▶ **Task description**: From the entries below, return only the lines starting at the one that contains "#161=AXIS2_PLACEMENT_3D('',#158,#159,#160);" and ending at the one that contains "#202=DIRECTION('',(-1.,0.,0.));", exactly as they stand.

▶ **Dataset**:
________________
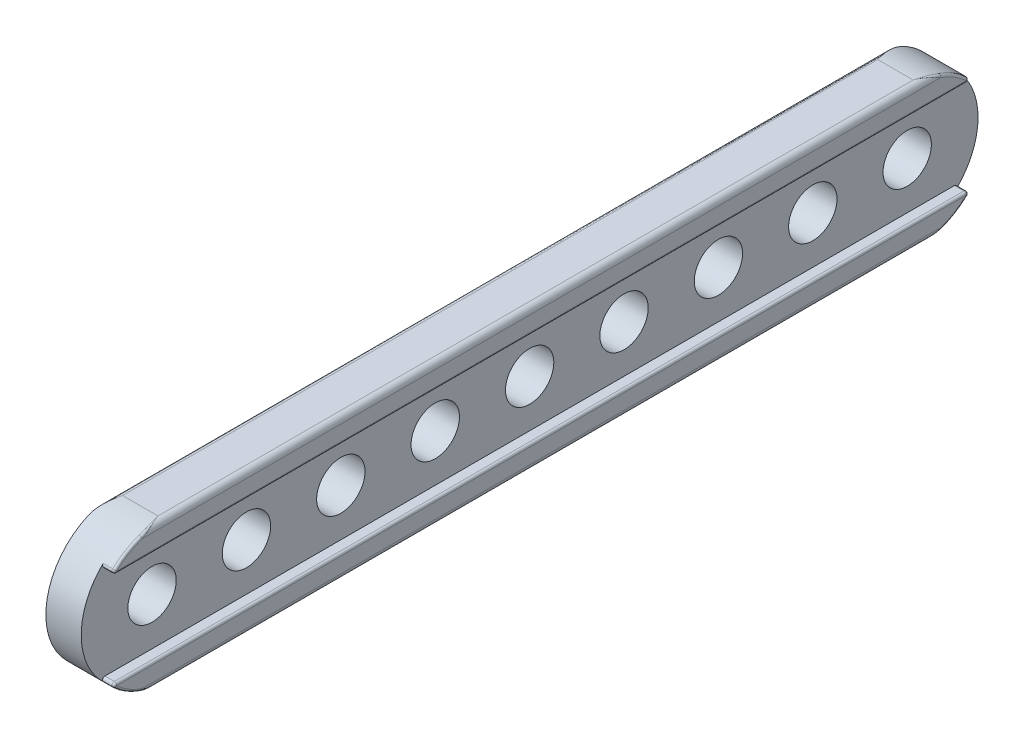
ISO-10303-21;
HEADER;
FILE_DESCRIPTION(('STEP AP214'),'2;1');
FILE_NAME('part.step','',(''),(''),'','','');
FILE_SCHEMA(('AUTOMOTIVE_DESIGN { 1 0 10303 214 1 1 1 1 }'));
ENDSEC;
DATA;
#1=APPLICATION_CONTEXT('core data for automotive mechanical design processes');
#2=APPLICATION_PROTOCOL_DEFINITION('international standard','automotive_design',2000,#1);
#3=PRODUCT_CONTEXT('',#1,'mechanical');
#4=PRODUCT('Part','Part','',(#3));
#5=PRODUCT_RELATED_PRODUCT_CATEGORY('part','',(#4));
#6=PRODUCT_DEFINITION_FORMATION('','',#4);
#7=PRODUCT_DEFINITION_CONTEXT('part definition',#1,'design');
#8=PRODUCT_DEFINITION('design','',#6,#7);
#9=PRODUCT_DEFINITION_SHAPE('','',#8);
#10=(LENGTH_UNIT() NAMED_UNIT(*) SI_UNIT(.MILLI.,.METRE.));
#11=(NAMED_UNIT(*) PLANE_ANGLE_UNIT() SI_UNIT($,.RADIAN.));
#12=(NAMED_UNIT(*) SI_UNIT($,.STERADIAN.) SOLID_ANGLE_UNIT());
#13=UNCERTAINTY_MEASURE_WITH_UNIT(LENGTH_MEASURE(1.E-05),#10,'distance_accuracy_value','');
#14=(GEOMETRIC_REPRESENTATION_CONTEXT(3) GLOBAL_UNCERTAINTY_ASSIGNED_CONTEXT((#13)) GLOBAL_UNIT_ASSIGNED_CONTEXT((#10,
#11,#12)) REPRESENTATION_CONTEXT('',''));
#15=CARTESIAN_POINT('',(0.,0.,0.));
#16=DIRECTION('',(0.,0.,1.));
#17=DIRECTION('',(1.,0.,0.));
#18=AXIS2_PLACEMENT_3D('',#15,#16,#17);
#19=CARTESIAN_POINT('',(1.8,4.2,-76.));
#20=DIRECTION('',(0.,0.,1.));
#21=DIRECTION('',(1.,0.,0.));
#22=AXIS2_PLACEMENT_3D('',#19,#20,#21);
#23=CYLINDRICAL_SURFACE('',#22,0.2);
#24=DIRECTION('',(0.,0.,-1.));
#25=VECTOR('',#24,1.);
#26=CARTESIAN_POINT('',(2.,4.2,-76.));
#27=LINE('',#26,#25);
#28=CARTESIAN_POINT('',(2.,4.2,-2.));
#29=VERTEX_POINT('',#28);
#30=CARTESIAN_POINT('',(2.,4.2,-74.));
#31=VERTEX_POINT('',#30);
#32=EDGE_CURVE('E387',#29,#31,#27,.T.);
#33=ORIENTED_EDGE('',*,*,#32,.F.);
#34=CARTESIAN_POINT('',(1.8,4.2,-2.));
#35=DIRECTION('',(0.,0.,-1.));
#36=DIRECTION('',(1.,0.,0.));
#37=AXIS2_PLACEMENT_3D('',#34,#35,#36);
#38=CIRCLE('',#37,0.2);
#39=CARTESIAN_POINT('',(1.8,4.,-2.));
#40=VERTEX_POINT('',#39);
#41=EDGE_CURVE('E395',#40,#29,#38,.F.);
#42=ORIENTED_EDGE('',*,*,#41,.F.);
#43=DIRECTION('',(0.,0.,-1.));
#44=VECTOR('',#43,1.);
#45=CARTESIAN_POINT('',(1.8,4.,-76.));
#46=LINE('',#45,#44);
#47=CARTESIAN_POINT('',(1.8,4.,-74.));
#48=VERTEX_POINT('',#47);
#49=EDGE_CURVE('E416',#48,#40,#46,.F.);
#50=ORIENTED_EDGE('',*,*,#49,.F.);
#51=CARTESIAN_POINT('',(1.8,4.2,-74.));
#52=DIRECTION('',(0.,0.,1.));
#53=DIRECTION('',(1.,0.,0.));
#54=AXIS2_PLACEMENT_3D('',#51,#52,#53);
#55=CIRCLE('',#54,0.2);
#56=EDGE_CURVE('E132',#48,#31,#55,.T.);
#57=ORIENTED_EDGE('',*,*,#56,.T.);
#58=EDGE_LOOP('',(#33,#42,#50,#57));
#59=FACE_BOUND('',#58,.T.);
#60=ADVANCED_FACE('F16',(#59),#23,.T.);
#61=CARTESIAN_POINT('',(1.8,-4.2,-76.));
#62=DIRECTION('',(0.,0.,1.));
#63=DIRECTION('',(1.,0.,0.));
#64=AXIS2_PLACEMENT_3D('',#61,#62,#63);
#65=CYLINDRICAL_SURFACE('',#64,0.2);
#66=DIRECTION('',(0.,0.,1.));
#67=VECTOR('',#66,1.);
#68=CARTESIAN_POINT('',(1.8,-4.,-76.));
#69=LINE('',#68,#67);
#70=CARTESIAN_POINT('',(1.8,-4.,-1.99999999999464));
#71=VERTEX_POINT('',#70);
#72=CARTESIAN_POINT('',(1.8,-4.,-74.));
#73=VERTEX_POINT('',#72);
#74=EDGE_CURVE('E419',#71,#73,#69,.F.);
#75=ORIENTED_EDGE('',*,*,#74,.F.);
#76=CARTESIAN_POINT('',(1.8,-4.2,-2.));
#77=DIRECTION('',(0.,-1.07327419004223E-10,1.));
#78=DIRECTION('',(1.,0.,0.));
#79=AXIS2_PLACEMENT_3D('',#76,#77,#78);
#80=CIRCLE('',#79,0.2);
#81=CARTESIAN_POINT('',(2.,-4.2,-2.));
#82=VERTEX_POINT('',#81);
#83=EDGE_CURVE('E735',#82,#71,#80,.T.);
#84=ORIENTED_EDGE('',*,*,#83,.F.);
#85=DIRECTION('',(0.,0.,1.));
#86=VECTOR('',#85,1.);
#87=CARTESIAN_POINT('',(2.,-4.2,-76.));
#88=LINE('',#87,#86);
#89=CARTESIAN_POINT('',(2.,-4.2,-74.));
#90=VERTEX_POINT('',#89);
#91=EDGE_CURVE('E745',#90,#82,#88,.T.);
#92=ORIENTED_EDGE('',*,*,#91,.F.);
#93=CARTESIAN_POINT('',(1.8,-4.2,-74.));
#94=DIRECTION('',(0.,0.,1.));
#95=DIRECTION('',(1.,0.,0.));
#96=AXIS2_PLACEMENT_3D('',#93,#94,#95);
#97=CIRCLE('',#96,0.2);
#98=EDGE_CURVE('E413',#73,#90,#97,.F.);
#99=ORIENTED_EDGE('',*,*,#98,.F.);
#100=EDGE_LOOP('',(#75,#84,#92,#99));
#101=FACE_BOUND('',#100,.T.);
#102=ADVANCED_FACE('F1112',(#101),#65,.T.);
#103=CARTESIAN_POINT('',(1.8,4.2,-74.));
#104=DIRECTION('',(1.,0.,0.));
#105=DIRECTION('',(0.,0.,-1.));
#106=AXIS2_PLACEMENT_3D('',#103,#104,#105);
#107=SPHERICAL_SURFACE('',#106,0.2);
#108=CARTESIAN_POINT('',(1.8,4.2,-74.));
#109=DIRECTION('',(1.,0.,0.));
#110=DIRECTION('',(0.,0.,-1.));
#111=AXIS2_PLACEMENT_3D('',#108,#109,#110);
#112=CIRCLE('',#111,0.200000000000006);
#113=CARTESIAN_POINT('',(1.8,4.3448275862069,-74.1379310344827));
#114=VERTEX_POINT('',#113);
#115=EDGE_CURVE('E491',#114,#48,#112,.F.);
#116=ORIENTED_EDGE('',*,*,#115,.F.);
#117=CARTESIAN_POINT('',(1.8,4.2,-74.));
#118=DIRECTION('',(0.,0.689655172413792,0.724137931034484));
#119=DIRECTION('',(0.,0.724137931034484,-0.689655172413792));
#120=AXIS2_PLACEMENT_3D('',#117,#118,#119);
#121=CIRCLE('',#120,0.2);
#122=EDGE_CURVE('E1216',#31,#114,#121,.T.);
#123=ORIENTED_EDGE('',*,*,#122,.F.);
#124=ORIENTED_EDGE('',*,*,#56,.F.);
#125=EDGE_LOOP('',(#116,#123,#124));
#126=FACE_BOUND('',#125,.T.);
#127=ADVANCED_FACE('F1104',(#126),#107,.T.);
#128=CARTESIAN_POINT('',(1.8,-4.2,-74.));
#129=DIRECTION('',(1.,0.,0.));
#130=DIRECTION('',(0.,0.,-1.));
#131=AXIS2_PLACEMENT_3D('',#128,#129,#130);
#132=SPHERICAL_SURFACE('',#131,0.2);
#133=CARTESIAN_POINT('',(1.8,-4.2,-74.));
#134=DIRECTION('',(1.,0.,0.));
#135=DIRECTION('',(0.,0.,-1.));
#136=AXIS2_PLACEMENT_3D('',#133,#134,#135);
#137=CIRCLE('',#136,0.200000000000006);
#138=CARTESIAN_POINT('',(1.8,-4.3448275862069,-74.1379310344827));
#139=VERTEX_POINT('',#138);
#140=EDGE_CURVE('E479',#73,#139,#137,.F.);
#141=ORIENTED_EDGE('',*,*,#140,.F.);
#142=ORIENTED_EDGE('',*,*,#98,.T.);
#143=CARTESIAN_POINT('',(1.8,-4.2,-74.));
#144=DIRECTION('',(0.,0.689655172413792,-0.724137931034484));
#145=DIRECTION('',(0.,-0.724137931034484,-0.689655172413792));
#146=AXIS2_PLACEMENT_3D('',#143,#144,#145);
#147=CIRCLE('',#146,0.2);
#148=EDGE_CURVE('E475',#139,#90,#147,.F.);
#149=ORIENTED_EDGE('',*,*,#148,.F.);
#150=EDGE_LOOP('',(#141,#142,#149));
#151=FACE_BOUND('',#150,.T.);
#152=ADVANCED_FACE('F1096',(#151),#132,.T.);
#153=CARTESIAN_POINT('',(1.8,4.2,-2.));
#154=DIRECTION('',(1.,0.,0.));
#155=DIRECTION('',(0.,0.,-1.));
#156=AXIS2_PLACEMENT_3D('',#153,#154,#155);
#157=SPHERICAL_SURFACE('',#156,0.2);
#158=CARTESIAN_POINT('',(1.8,4.2,-2.));
#159=DIRECTION('',(0.,-0.689655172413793,0.724137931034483));
#160=DIRECTION('',(0.,0.724137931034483,0.689655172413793));
#161=AXIS2_PLACEMENT_3D('',#158,#159,#160);
#162=CIRCLE('',#161,0.2);
#163=CARTESIAN_POINT('',(1.8,4.3448275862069,-1.86206896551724));
#164=VERTEX_POINT('',#163);
#165=EDGE_CURVE('E1199',#164,#29,#162,.F.);
#166=ORIENTED_EDGE('',*,*,#165,.F.);
#167=CARTESIAN_POINT('',(1.8,4.2,-2.));
#168=DIRECTION('',(1.,0.,0.));
#169=DIRECTION('',(0.,0.,-1.));
#170=AXIS2_PLACEMENT_3D('',#167,#168,#169);
#171=CIRCLE('',#170,0.2);
#172=EDGE_CURVE('E700',#40,#164,#171,.F.);
#173=ORIENTED_EDGE('',*,*,#172,.F.);
#174=ORIENTED_EDGE('',*,*,#41,.T.);
#175=EDGE_LOOP('',(#166,#173,#174));
#176=FACE_BOUND('',#175,.T.);
#177=ADVANCED_FACE('F378',(#176),#157,.T.);
#178=CARTESIAN_POINT('',(2.,5.49999999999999,-76.));
#179=DIRECTION('',(1.,0.,0.));
#180=DIRECTION('',(0.,0.,-1.));
#181=AXIS2_PLACEMENT_3D('',#178,#179,#180);
#182=PLANE('',#181);
#183=DIRECTION('',(0.,0.,1.));
#184=VECTOR('',#183,1.);
#185=CARTESIAN_POINT('',(2.,5.5,-76.));
#186=LINE('',#185,#184);
#187=CARTESIAN_POINT('',(2.,5.49999999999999,-4.15880473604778));
#188=VERTEX_POINT('',#187);
#189=CARTESIAN_POINT('',(2.,5.5,-71.8411952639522));
#190=VERTEX_POINT('',#189);
#191=EDGE_CURVE('E139',#188,#190,#186,.F.);
#192=ORIENTED_EDGE('',*,*,#191,.F.);
#193=CARTESIAN_POINT('',(2.,0.,-6.));
#194=DIRECTION('',(-1.,0.,0.));
#195=DIRECTION('',(0.,0.724137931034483,0.689655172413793));
#196=AXIS2_PLACEMENT_3D('',#193,#194,#195);
#197=CIRCLE('',#196,5.8);
#198=EDGE_CURVE('E402',#29,#188,#197,.T.);
#199=ORIENTED_EDGE('',*,*,#198,.F.);
#200=ORIENTED_EDGE('',*,*,#32,.T.);
#201=CARTESIAN_POINT('',(2.,0.,-70.));
#202=DIRECTION('',(-1.,0.,0.));
#203=DIRECTION('',(0.,0.948275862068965,-0.317447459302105));
#204=AXIS2_PLACEMENT_3D('',#201,#202,#203);
#205=CIRCLE('',#204,5.8);
#206=EDGE_CURVE('E359',#190,#31,#205,.T.);
#207=ORIENTED_EDGE('',*,*,#206,.F.);
#208=EDGE_LOOP('',(#192,#199,#200,#207));
#209=FACE_BOUND('',#208,.T.);
#210=ADVANCED_FACE('F367',(#209),#182,.T.);
#211=CARTESIAN_POINT('',(1.5,-5.5,-76.));
#212=DIRECTION('',(0.,0.,1.));
#213=DIRECTION('',(1.,0.,0.));
#214=AXIS2_PLACEMENT_3D('',#211,#212,#213);
#215=CYLINDRICAL_SURFACE('',#214,0.5);
#216=DIRECTION('',(0.,0.,1.));
#217=VECTOR('',#216,1.);
#218=CARTESIAN_POINT('',(2.,-5.5,-76.));
#219=LINE('',#218,#217);
#220=CARTESIAN_POINT('',(2.,-5.5,-4.1588047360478));
#221=VERTEX_POINT('',#220);
#222=CARTESIAN_POINT('',(2.,-5.50000000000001,-71.8411952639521));
#223=VERTEX_POINT('',#222);
#224=EDGE_CURVE('E394',#221,#223,#219,.F.);
#225=ORIENTED_EDGE('',*,*,#224,.F.);
#226=CARTESIAN_POINT('',(1.5,-6.,-6.));
#227=CARTESIAN_POINT('',(1.61742266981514,-6.,-5.69021310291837));
#228=CARTESIAN_POINT('',(1.73449625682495,-5.95910447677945,-5.38289179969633));
#229=CARTESIAN_POINT('',(1.87630782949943,-5.83516230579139,-4.9221843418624));
#230=CARTESIAN_POINT('',(1.91802838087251,-5.78309391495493,-4.7680893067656));
#231=CARTESIAN_POINT('',(1.97965458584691,-5.6575479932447,-4.46177941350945));
#232=CARTESIAN_POINT('',(2.,-5.58427330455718,-4.30984896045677));
#233=CARTESIAN_POINT('',(2.,-5.5,-4.1588047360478));
#234=(BOUNDED_CURVE() B_SPLINE_CURVE(3,(#226,#227,#228,#229,#230,#231,#232,#233),.UNSPECIFIED.,
.F.,.F.) B_SPLINE_CURVE_WITH_KNOTS((4,2,2,4),(0.,0.000951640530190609,0.00142746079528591,
0.00190328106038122),
.UNSPECIFIED.) CURVE() GEOMETRIC_REPRESENTATION_ITEM() RATIONAL_B_SPLINE_CURVE((1.,1.,1.,1.,1.,
0.999999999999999,0.999999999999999,0.999999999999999)) REPRESENTATION_ITEM(''));
#235=CARTESIAN_POINT('',(1.5,-6.,-6.));
#236=VERTEX_POINT('',#235);
#237=EDGE_CURVE('E179',#236,#221,#234,.T.);
#238=ORIENTED_EDGE('',*,*,#237,.F.);
#239=DIRECTION('',(0.,0.,-1.));
#240=VECTOR('',#239,1.);
#241=CARTESIAN_POINT('',(1.5,-6.,-76.));
#242=LINE('',#241,#240);
#243=CARTESIAN_POINT('',(1.5,-6.,-70.));
#244=VERTEX_POINT('',#243);
#245=EDGE_CURVE('E292',#244,#236,#242,.F.);
#246=ORIENTED_EDGE('',*,*,#245,.F.);
#247=CARTESIAN_POINT('',(2.,-5.50000000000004,-71.8411952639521));
#248=CARTESIAN_POINT('',(2.00000059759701,-5.51050167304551,-71.8223733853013));
#249=CARTESIAN_POINT('',(1.99968407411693,-5.52086645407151,-71.8034761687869));
#250=CARTESIAN_POINT('',(1.99845055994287,-5.54125262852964,-71.765652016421));
#251=CARTESIAN_POINT('',(1.99753691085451,-5.55127560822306,-71.7467258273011));
#252=CARTESIAN_POINT('',(1.9951477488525,-5.57097994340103,-71.7088428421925));
#253=CARTESIAN_POINT('',(1.99367484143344,-5.58066265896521,-71.6898865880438));
#254=CARTESIAN_POINT('',(1.99020706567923,-5.59968861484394,-71.6519427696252));
#255=CARTESIAN_POINT('',(1.98821418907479,-5.60903299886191,-71.6329555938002));
#256=CARTESIAN_POINT('',(1.98151821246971,-5.63652275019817,-71.5760215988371));
#257=CARTESIAN_POINT('',(1.97608673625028,-5.65421068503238,-71.5379370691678));
#258=CARTESIAN_POINT('',(1.96360686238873,-5.68824980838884,-71.4616311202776));
#259=CARTESIAN_POINT('',(1.95656502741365,-5.70460606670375,-71.4234108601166));
#260=CARTESIAN_POINT('',(1.94114224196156,-5.73598639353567,-71.3468410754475));
#261=CARTESIAN_POINT('',(1.93276557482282,-5.75101449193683,-71.3084923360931));
#262=CARTESIAN_POINT('',(1.91480429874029,-5.7797240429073,-71.2317255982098));
#263=CARTESIAN_POINT('',(1.90522373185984,-5.7934097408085,-71.1933082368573));
#264=CARTESIAN_POINT('',(1.8850333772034,-5.81943630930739,-71.1164487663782));
#265=CARTESIAN_POINT('',(1.87442729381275,-5.83178170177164,-71.0780072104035));
#266=CARTESIAN_POINT('',(1.85234869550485,-5.85512183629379,-71.0011449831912));
#267=CARTESIAN_POINT('',(1.84087981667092,-5.86612178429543,-70.9627248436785));
#268=CARTESIAN_POINT('',(1.81723653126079,-5.88679444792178,-70.8859037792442));
#269=CARTESIAN_POINT('',(1.80506475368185,-5.8964717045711,-70.8475032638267));
#270=CARTESIAN_POINT('',(1.78010369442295,-5.91452457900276,-70.7706880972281));
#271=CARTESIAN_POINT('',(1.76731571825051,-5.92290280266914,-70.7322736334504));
________________
▶ **Answer to this problem**:
#161=AXIS2_PLACEMENT_3D('',#158,#159,#160);
#162=CIRCLE('',#161,0.2);
#163=CARTESIAN_POINT('',(1.8,4.3448275862069,-1.86206896551724));
#164=VERTEX_POINT('',#163);
#165=EDGE_CURVE('E1199',#164,#29,#162,.F.);
#166=ORIENTED_EDGE('',*,*,#165,.F.);
#167=CARTESIAN_POINT('',(1.8,4.2,-2.));
#168=DIRECTION('',(1.,0.,0.));
#169=DIRECTION('',(0.,0.,-1.));
#170=AXIS2_PLACEMENT_3D('',#167,#168,#169);
#171=CIRCLE('',#170,0.2);
#172=EDGE_CURVE('E700',#40,#164,#171,.F.);
#173=ORIENTED_EDGE('',*,*,#172,.F.);
#174=ORIENTED_EDGE('',*,*,#41,.T.);
#175=EDGE_LOOP('',(#166,#173,#174));
#176=FACE_BOUND('',#175,.T.);
#177=ADVANCED_FACE('F378',(#176),#157,.T.);
#178=CARTESIAN_POINT('',(2.,5.49999999999999,-76.));
#179=DIRECTION('',(1.,0.,0.));
#180=DIRECTION('',(0.,0.,-1.));
#181=AXIS2_PLACEMENT_3D('',#178,#179,#180);
#182=PLANE('',#181);
#183=DIRECTION('',(0.,0.,1.));
#184=VECTOR('',#183,1.);
#185=CARTESIAN_POINT('',(2.,5.5,-76.));
#186=LINE('',#185,#184);
#187=CARTESIAN_POINT('',(2.,5.49999999999999,-4.15880473604778));
#188=VERTEX_POINT('',#187);
#189=CARTESIAN_POINT('',(2.,5.5,-71.8411952639522));
#190=VERTEX_POINT('',#189);
#191=EDGE_CURVE('E139',#188,#190,#186,.F.);
#192=ORIENTED_EDGE('',*,*,#191,.F.);
#193=CARTESIAN_POINT('',(2.,0.,-6.));
#194=DIRECTION('',(-1.,0.,0.));
#195=DIRECTION('',(0.,0.724137931034483,0.689655172413793));
#196=AXIS2_PLACEMENT_3D('',#193,#194,#195);
#197=CIRCLE('',#196,5.8);
#198=EDGE_CURVE('E402',#29,#188,#197,.T.);
#199=ORIENTED_EDGE('',*,*,#198,.F.);
#200=ORIENTED_EDGE('',*,*,#32,.T.);
#201=CARTESIAN_POINT('',(2.,0.,-70.));
#202=DIRECTION('',(-1.,0.,0.));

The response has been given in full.